ASSIGNMENT - Report each line of the data below in which "linetype" appears.

Items from a dataset:
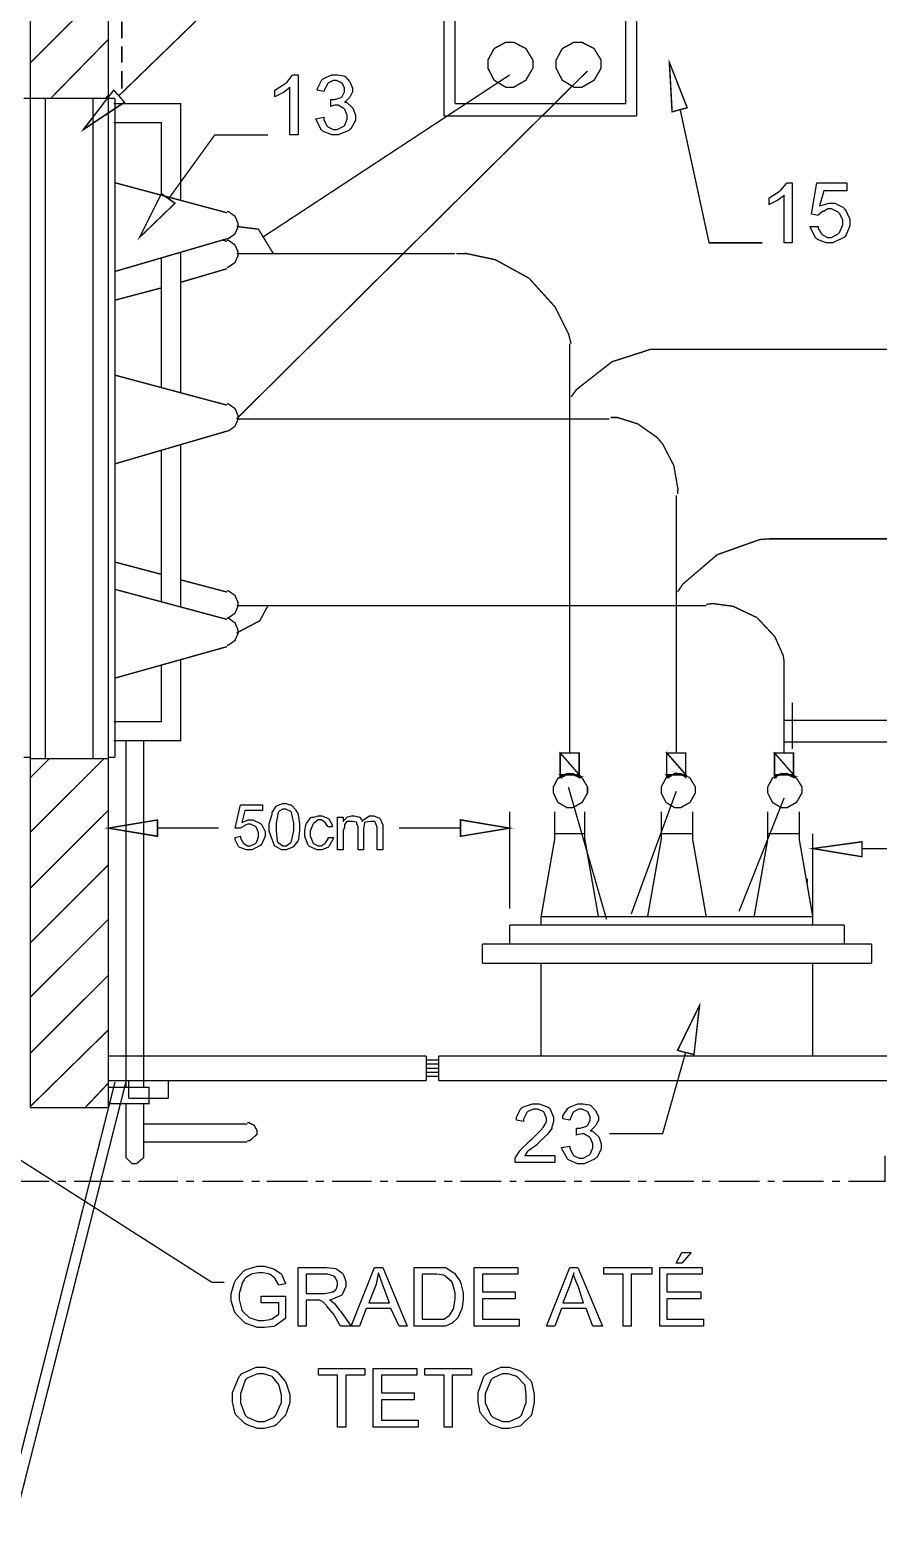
# Model space of a CAD drawing. Extents: x 0 to 210, y 0 to 297.
# Drawn here: x 112.16 to 138.51, y 209.2 to 255.27 of the extents above; entities that cross this region are included whole.
import ezdxf

# ---------------------------------------------------------------- set-up
doc = ezdxf.new("R2010")
doc.units = 0
doc.header["$MEASUREMENT"] = 0
for name, color, linetype in [('C00-00-00-BLACK', 7, 'Continuous'), ('C00-7E-FF', 150, 'Continuous'), ('CFF-00-00', 1, 'Continuous'), ('CFF-7E-00', 30, 'Continuous')]:
    doc.layers.add(name, color=color, linetype=linetype)

msp = doc.modelspace()

# ---------------------------------------------------------------- linework, layer by layer
at = {"layer": 'C00-00-00-BLACK', "const_width": 0.0423}
for points in [[(112.178, 260.387), (112.178, 221.771)], [(114.596, 260.387), (114.596, 221.771)], [(125.029, 260.387), (125.029, 252.587)], [(131.009, 252.587), (131.009, 260.387)], [(125.367, 260.048), (125.367, 252.968)], [(130.67, 252.968), (130.67, 260.048)], [(112.178, 254.241), (114.596, 256.657)], [(115.019, 255.003), (115.019, 255.513)], [(112.813, 253.137), (114.596, 254.961)], [(115.019, 254.241), (115.019, 254.748)], [(115.019, 253.436), (115.019, 253.986)], [(112.178, 253.137), (111.967, 253.137)], [(112.178, 232.664), (112.178, 253.137)], [(112.178, 253.137), (114.596, 253.137)], [(112.644, 253.137), (112.644, 232.621)], [(114.128, 253.137), (112.644, 253.137)], [(114.128, 232.621), (114.128, 253.137)], [(114.512, 253.137), (114.596, 253.223)], [(114.596, 232.664), (114.596, 253.137)], [(114.596, 253.137), (114.808, 253.137)], [(114.766, 252.968), (116.842, 252.968), (116.842, 250.129)], [(114.808, 253.137), (114.808, 232.664)], [(125.367, 252.968), (130.67, 252.968)], [(125.029, 252.587), (131.009, 252.587)], [(114.766, 252.375), (116.25, 252.375), (116.25, 250.129)], [(114.808, 250.511), (118.285, 249.579)], [(116.842, 250.129), (116.842, 249.96)], [(118.285, 248.772), (118.338, 248.783), (118.532, 248.921), (118.623, 249.127), (118.623, 249.195), (118.623, 249.265), (118.532, 249.473), (118.338, 249.611), (118.285, 249.621)], [(118.285, 248.772), (114.808, 247.756)], [(118.582, 249.154), (119.261, 249.068), (119.727, 248.306)], [(116.842, 248.348), (116.842, 243.983)], [(118.157, 248.729), (118.285, 248.688)], [(118.285, 247.883), (118.338, 247.894), (118.532, 248.032), (118.623, 248.238), (118.623, 248.306), (118.623, 248.375), (118.532, 248.582), (118.338, 248.719), (118.285, 248.729)], [(118.623, 248.306), (118.582, 248.306)], [(116.25, 248.179), (116.25, 244.153)], [(118.285, 247.84), (116.842, 247.417)], [(116.25, 247.245), (114.808, 246.864)], [(114.808, 244.533), (118.285, 243.601)], [(118.285, 242.795), (118.338, 242.806), (118.532, 242.944), (118.623, 243.151), (118.623, 243.218), (118.623, 243.289), (118.532, 243.497), (118.338, 243.634), (118.285, 243.644)], [(118.285, 242.795), (114.808, 241.779)], [(116.842, 242.372), (116.842, 237.328)], [(116.25, 242.203), (116.25, 237.498)], [(114.808, 238.726), (116.25, 238.344)], [(116.842, 238.175), (118.285, 237.794)], [(114.808, 237.878), (118.285, 236.945)], [(118.285, 236.987), (118.338, 236.998), (118.532, 237.137), (118.623, 237.345), (118.623, 237.414), (118.623, 237.483), (118.532, 237.69), (118.338, 237.827), (118.285, 237.837)], [(118.582, 236.521), (119.304, 236.903), (119.557, 237.371)], [(118.285, 236.945), (118.243, 236.945)], [(118.285, 236.141), (118.338, 236.152), (118.532, 236.289), (118.623, 236.496), (118.623, 236.564), (118.623, 236.633), (118.532, 236.839), (118.338, 236.977), (118.285, 236.987)], [(118.285, 236.098), (114.808, 235.122)], [(116.842, 235.675), (116.842, 233.175), (114.766, 233.175)], [(116.25, 235.505), (116.25, 233.767), (114.766, 233.767)], [(135.843, 232.917), (135.843, 234.36)], [(145.598, 233.809), (135.588, 233.809)], [(115.146, 233.175), (115.146, 222.406)], [(115.697, 222.406), (115.697, 233.175)], [(141.909, 233.132), (135.588, 233.132)], [(111.967, 232.664), (112.178, 232.664)], [(112.178, 232.029), (112.77, 232.621)], [(112.178, 230.334), (114.469, 232.621)], [(112.178, 232.621), (114.596, 232.621)], [(112.644, 232.621), (114.128, 232.621)], [(114.808, 232.664), (114.596, 232.664)], [(128.633, 232.791), (129.228, 232.791)], [(128.633, 232.791), (128.633, 232.029)], [(129.228, 232.791), (129.228, 232.029)], [(131.943, 232.791), (132.535, 232.791)], [(131.943, 232.791), (131.943, 232.029)], [(132.535, 232.791), (132.535, 232.029)], [(135.292, 232.791), (135.884, 232.791)], [(135.292, 232.791), (135.292, 232.029)], [(135.884, 232.791), (135.884, 232.029)], [(129.482, 231.648), (129.482, 231.74), (129.318, 232.013), (129.028, 232.155), (128.932, 232.155), (128.84, 232.155), (128.564, 232.013), (128.421, 231.74), (128.421, 231.648)], [(132.832, 231.648), (132.832, 231.74), (132.667, 232.013), (132.377, 232.155), (132.281, 232.155), (132.188, 232.155), (131.916, 232.013), (131.773, 231.74), (131.773, 231.648)], [(136.142, 231.648), (136.142, 231.74), (135.975, 232.013), (135.684, 232.155), (135.588, 232.155), (135.496, 232.155), (135.223, 232.013), (135.081, 231.74), (135.081, 231.648)], [(128.889, 231.732), (130.074, 227.622)], [(128.421, 231.648), (128.421, 231.552), (128.564, 231.262), (128.84, 231.097), (128.932, 231.097), (129.028, 231.097), (129.318, 231.262), (129.482, 231.552), (129.482, 231.648)], [(132.239, 231.606), (130.839, 227.79)], [(131.773, 231.648), (131.773, 231.552), (131.916, 231.262), (132.188, 231.097), (132.281, 231.097), (132.377, 231.097), (132.667, 231.262), (132.832, 231.552), (132.832, 231.648)], [(135.588, 231.395), (134.189, 227.875)], [(135.081, 231.648), (135.081, 231.552), (135.223, 231.262), (135.496, 231.097), (135.588, 231.097), (135.684, 231.097), (135.975, 231.262), (136.142, 231.552), (136.142, 231.648)], [(112.178, 228.594), (114.596, 231.01)], [(128.463, 230.967), (128.463, 230.122)], [(129.398, 230.122), (129.398, 230.967)], [(131.773, 230.122), (131.773, 230.967)], [(132.746, 230.122), (132.746, 230.967)], [(135.081, 230.967), (135.081, 230.122)], [(136.057, 230.122), (136.057, 230.967)], [(128.463, 230.122), (128.04, 227.706)], [(128.463, 230.291), (129.398, 230.291)], [(129.398, 230.122), (129.821, 227.706)], [(131.773, 230.122), (131.348, 227.706)], [(131.773, 230.291), (132.746, 230.291)], [(133.169, 227.706), (132.746, 230.122)], [(135.081, 230.122), (134.656, 227.706)], [(135.081, 230.291), (136.057, 230.291)], [(136.479, 227.706), (136.057, 230.122)], [(112.178, 226.898), (114.596, 229.316)], [(136.31, 228.764), (136.31, 228.891)], [(112.178, 225.206), (114.596, 227.622)], [(128.04, 227.706), (136.479, 227.706)], [(128.04, 227.452), (128.04, 227.706)], [(136.479, 227.706), (136.479, 227.452)], [(127.063, 227.452), (127.063, 226.857)], [(137.454, 227.452), (127.063, 227.452)], [(137.454, 226.857), (137.454, 227.452)], [(126.217, 226.857), (126.217, 226.264)], [(138.303, 226.857), (126.217, 226.857)], [(138.303, 226.264), (138.303, 226.857)], [(126.217, 226.264), (138.303, 226.264)], [(128.04, 226.264), (128.04, 223.383)], [(136.479, 226.264), (136.479, 223.383)], [(112.178, 223.467), (114.596, 225.883)], [(112.178, 221.813), (114.596, 224.186)], [(114.596, 223.383), (124.476, 223.383)], [(124.476, 223.383), (124.476, 222.618)], [(124.476, 223.256), (124.86, 223.256)], [(124.476, 223.128), (124.86, 223.128)], [(124.476, 223.001), (124.86, 223.001)], [(124.86, 223.383), (152.808, 223.383)], [(124.86, 222.618), (124.86, 223.383)], [(109.718, 202.484), (114.808, 222.575)], [(110.056, 202.484), (115.146, 222.575)], [(113.874, 221.771), (114.596, 222.533)], [(114.596, 222.618), (124.476, 222.618)], [(115.232, 222.068), (115.232, 222.618)], [(115.232, 222.618), (116.462, 222.618)], [(116.462, 222.618), (116.462, 222.068)], [(124.476, 222.872), (124.86, 222.872)], [(124.476, 222.745), (124.86, 222.745)], [(152.808, 222.618), (124.86, 222.618)], [(114.596, 222.406), (115.867, 222.406), (115.867, 221.899), (114.596, 221.899)], [(116.462, 222.068), (115.232, 222.068)], [(112.178, 221.771), (114.596, 221.771)], [(115.146, 221.899), (115.146, 220.286)], [(115.697, 220.286), (115.697, 221.899)], [(115.697, 221.263), (118.922, 221.263)], [(118.922, 220.752), (118.995, 220.752), (119.218, 220.946), (119.218, 221.01), (119.218, 221.064), (119.133, 221.222), (118.974, 221.306), (118.922, 221.306)], [(111.585, 220.837), (111.585, 219.483), (112.77, 219.483)], [(118.922, 220.711), (115.697, 220.711)], [(115.146, 220.286), (115.146, 220.223), (115.336, 220.033), (115.401, 220.033), (115.474, 220.033), (115.697, 220.223), (115.697, 220.286)], [(137.583, 219.483), (138.726, 219.483), (138.726, 220.286)], [(113.027, 219.483), (113.282, 219.483)], [(113.535, 219.483), (114.766, 219.483)], [(115.019, 219.483), (115.274, 219.483)], [(115.528, 219.483), (116.759, 219.483)], [(117.012, 219.483), (117.265, 219.483)], [(117.523, 219.483), (118.795, 219.483)], [(119.049, 219.483), (119.304, 219.483)], [(119.514, 219.483), (120.788, 219.483)], [(121.041, 219.483), (121.295, 219.483)], [(121.55, 219.483), (122.78, 219.483)], [(123.034, 219.483), (123.29, 219.483)], [(123.544, 219.483), (124.774, 219.483)], [(125.029, 219.483), (125.283, 219.483)], [(125.537, 219.483), (126.81, 219.483)], [(127.063, 219.483), (127.276, 219.483)], [(127.532, 219.483), (128.802, 219.483)], [(129.059, 219.483), (129.312, 219.483)], [(129.566, 219.483), (130.797, 219.483)], [(131.051, 219.483), (131.305, 219.483)], [(131.559, 219.483), (132.789, 219.483)], [(133.043, 219.483), (133.3, 219.483)], [(133.554, 219.483), (134.826, 219.483)], [(135.081, 219.483), (135.292, 219.483)], [(135.547, 219.483), (136.819, 219.483)], [(137.072, 219.483), (137.327, 219.483)], [(117.82, 216.345), (118.2, 216.345)]]:
    msp.add_lwpolyline(points, dxfattribs=at)
for points in [[(127.786, 254.199), (127.786, 254.32), (127.568, 254.681), (127.189, 254.876), (127.063, 254.876), (126.942, 254.876), (126.582, 254.681), (126.387, 254.32), (126.387, 254.199), (126.387, 254.073), (126.582, 253.697), (126.942, 253.479), (127.063, 253.479), (127.189, 253.479), (127.568, 253.697), (127.786, 254.073), (127.786, 254.199)], [(129.905, 254.199), (129.905, 254.32), (129.687, 254.681), (129.308, 254.876), (129.183, 254.876), (129.062, 254.876), (128.7, 254.681), (128.505, 254.32), (128.505, 254.199), (128.505, 254.073), (128.7, 253.697), (129.062, 253.479), (129.183, 253.479), (129.308, 253.479), (129.687, 253.697), (129.905, 254.073), (129.905, 254.199)], [(129.228, 232.791), (128.636, 232.791), (129.228, 232.114), (129.228, 232.791)], [(128.636, 232.791), (129.228, 232.114), (128.636, 232.114), (128.636, 232.791)], [(132.535, 232.791), (131.943, 232.791), (132.535, 232.114), (132.535, 232.791)], [(131.943, 232.791), (132.535, 232.114), (131.943, 232.114), (131.943, 232.791)], [(135.884, 232.791), (135.292, 232.791), (135.884, 232.114), (135.884, 232.791)], [(135.292, 232.791), (135.884, 232.114), (135.292, 232.114), (135.292, 232.791)], [(129.059, 232.114), (129.228, 232.071), (129.143, 232.071), (129.059, 232.114)], [(132.407, 232.114), (132.535, 232.071), (132.493, 232.071), (132.407, 232.114)], [(135.715, 232.114), (135.884, 232.071), (135.8, 232.071), (135.715, 232.114)], [(128.802, 232.114), (128.633, 232.114), (128.717, 232.071), (128.802, 232.114)], [(128.633, 232.114), (128.717, 232.071), (128.633, 232.071), (128.633, 232.114)], [(128.802, 232.114), (128.844, 232.114), (128.633, 232.114), (128.802, 232.114)], [(128.802, 232.114), (128.633, 232.114), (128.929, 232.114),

TASK ANSWER -
for name, color, linetype in [('C00-00-00-BLACK', 7, 'Continuous'), ('C00-7E-FF', 150, 'Continuous'), ('CFF-00-00', 1, 'Continuous'), ('CFF-7E-00', 30, 'Continuous')]:
    doc.layers.add(name, color=color, linetype=linetype)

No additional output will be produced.